Researchers from New York University have created an algorithm that mimics human learning abilities and allows computers to view and draw visual concepts at a level that is almost indistinguishable from humans. The findings mark a significant advancement in a field that continues to focus on designing robots and computer algorithms that can learn and adapt in the same way as the human brain.
"Our results show that by reverse engineering how people think about a problem, we can develop better algorithms," Brenden Lake, the paper's lead author, said in a press release. "Moreover, this work points to promising methods to narrow the gap for other machine learning tasks."
When humans encounter a new concept, such as a new dance move or new number, they often need to be exposed to only a few examples in order to understand it and recognize it in new situations. While machines can conduct pattern-replication tasks, they typically need to be given thousands of examples in order to perform them with the same level of accuracy as humans.
"It has been very difficult to build machines that require as little data as humans when learning a new concept," study co-author Ruslan Salakhutdinov said. "Replicating these abilities is an exciting area of research connecting machine learning, statistics, computer vision and cognitive science."
The researchers developed a "Bayesian Program Learning" (BPL) framework, which represents concepts within robots as simple computer programs, in order to shorten the learning process and make robot learning more similar to that of humans in the way that they acquire and apply new knowledge.

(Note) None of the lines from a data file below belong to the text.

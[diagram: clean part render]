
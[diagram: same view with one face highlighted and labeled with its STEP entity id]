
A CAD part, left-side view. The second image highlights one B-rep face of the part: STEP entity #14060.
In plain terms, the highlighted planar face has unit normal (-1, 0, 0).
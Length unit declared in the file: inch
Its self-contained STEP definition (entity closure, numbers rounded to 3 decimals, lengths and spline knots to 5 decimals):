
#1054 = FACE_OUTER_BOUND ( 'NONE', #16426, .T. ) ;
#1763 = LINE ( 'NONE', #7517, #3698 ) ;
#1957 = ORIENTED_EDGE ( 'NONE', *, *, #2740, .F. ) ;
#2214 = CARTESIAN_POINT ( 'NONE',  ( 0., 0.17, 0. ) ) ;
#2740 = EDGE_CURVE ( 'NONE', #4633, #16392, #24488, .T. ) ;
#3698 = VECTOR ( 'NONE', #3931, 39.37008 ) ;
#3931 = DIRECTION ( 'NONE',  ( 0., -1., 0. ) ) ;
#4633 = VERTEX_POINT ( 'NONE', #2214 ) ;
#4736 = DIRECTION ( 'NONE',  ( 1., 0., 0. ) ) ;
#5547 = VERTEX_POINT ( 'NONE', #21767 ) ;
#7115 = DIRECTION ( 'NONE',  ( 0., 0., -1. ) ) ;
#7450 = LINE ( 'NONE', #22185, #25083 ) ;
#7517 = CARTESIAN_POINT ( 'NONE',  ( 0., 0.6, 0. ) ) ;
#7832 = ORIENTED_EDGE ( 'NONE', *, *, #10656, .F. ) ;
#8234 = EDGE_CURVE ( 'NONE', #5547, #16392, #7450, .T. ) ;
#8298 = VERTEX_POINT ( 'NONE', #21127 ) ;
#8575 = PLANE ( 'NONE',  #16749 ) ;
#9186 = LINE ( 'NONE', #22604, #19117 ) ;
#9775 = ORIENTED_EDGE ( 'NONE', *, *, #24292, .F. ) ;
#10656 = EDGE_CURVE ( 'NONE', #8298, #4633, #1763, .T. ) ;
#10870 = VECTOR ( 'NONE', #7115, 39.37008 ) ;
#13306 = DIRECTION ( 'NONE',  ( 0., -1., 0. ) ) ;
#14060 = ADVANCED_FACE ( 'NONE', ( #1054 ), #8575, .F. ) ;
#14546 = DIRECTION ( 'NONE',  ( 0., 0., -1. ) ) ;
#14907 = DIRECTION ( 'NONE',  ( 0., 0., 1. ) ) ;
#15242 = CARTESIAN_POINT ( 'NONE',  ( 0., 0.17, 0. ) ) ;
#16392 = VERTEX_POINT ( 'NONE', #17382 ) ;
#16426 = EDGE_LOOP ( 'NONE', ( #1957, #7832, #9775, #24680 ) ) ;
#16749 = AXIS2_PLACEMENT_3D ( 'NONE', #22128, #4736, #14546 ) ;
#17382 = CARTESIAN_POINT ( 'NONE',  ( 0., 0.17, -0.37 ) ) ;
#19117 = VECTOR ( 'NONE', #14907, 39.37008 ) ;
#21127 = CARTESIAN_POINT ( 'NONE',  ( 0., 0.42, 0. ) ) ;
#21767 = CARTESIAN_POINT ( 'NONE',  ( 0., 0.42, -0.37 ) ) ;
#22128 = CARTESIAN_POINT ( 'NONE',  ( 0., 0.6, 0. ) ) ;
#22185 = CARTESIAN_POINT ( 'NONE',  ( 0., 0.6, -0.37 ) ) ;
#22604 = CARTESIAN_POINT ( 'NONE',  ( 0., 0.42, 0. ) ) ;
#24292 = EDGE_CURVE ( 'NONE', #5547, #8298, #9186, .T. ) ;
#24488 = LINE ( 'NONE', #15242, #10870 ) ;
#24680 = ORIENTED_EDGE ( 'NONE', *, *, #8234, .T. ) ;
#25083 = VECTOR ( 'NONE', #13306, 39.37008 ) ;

The results showed that fewer than 25 percent of human participants performed significantly better than chance when determining whether drawings were created by a machine or human.
"We are still far from building machines as smart as a human child, but this is the first time we have had a machine able to learn and use a large class of real-world concepts - even simple visual concepts such as handwritten characters - in ways that are hard to tell apart from humans," fellow co-author Joshua Tenenbaum said.
The study was published in the Dec. 11 issue of the journal Science.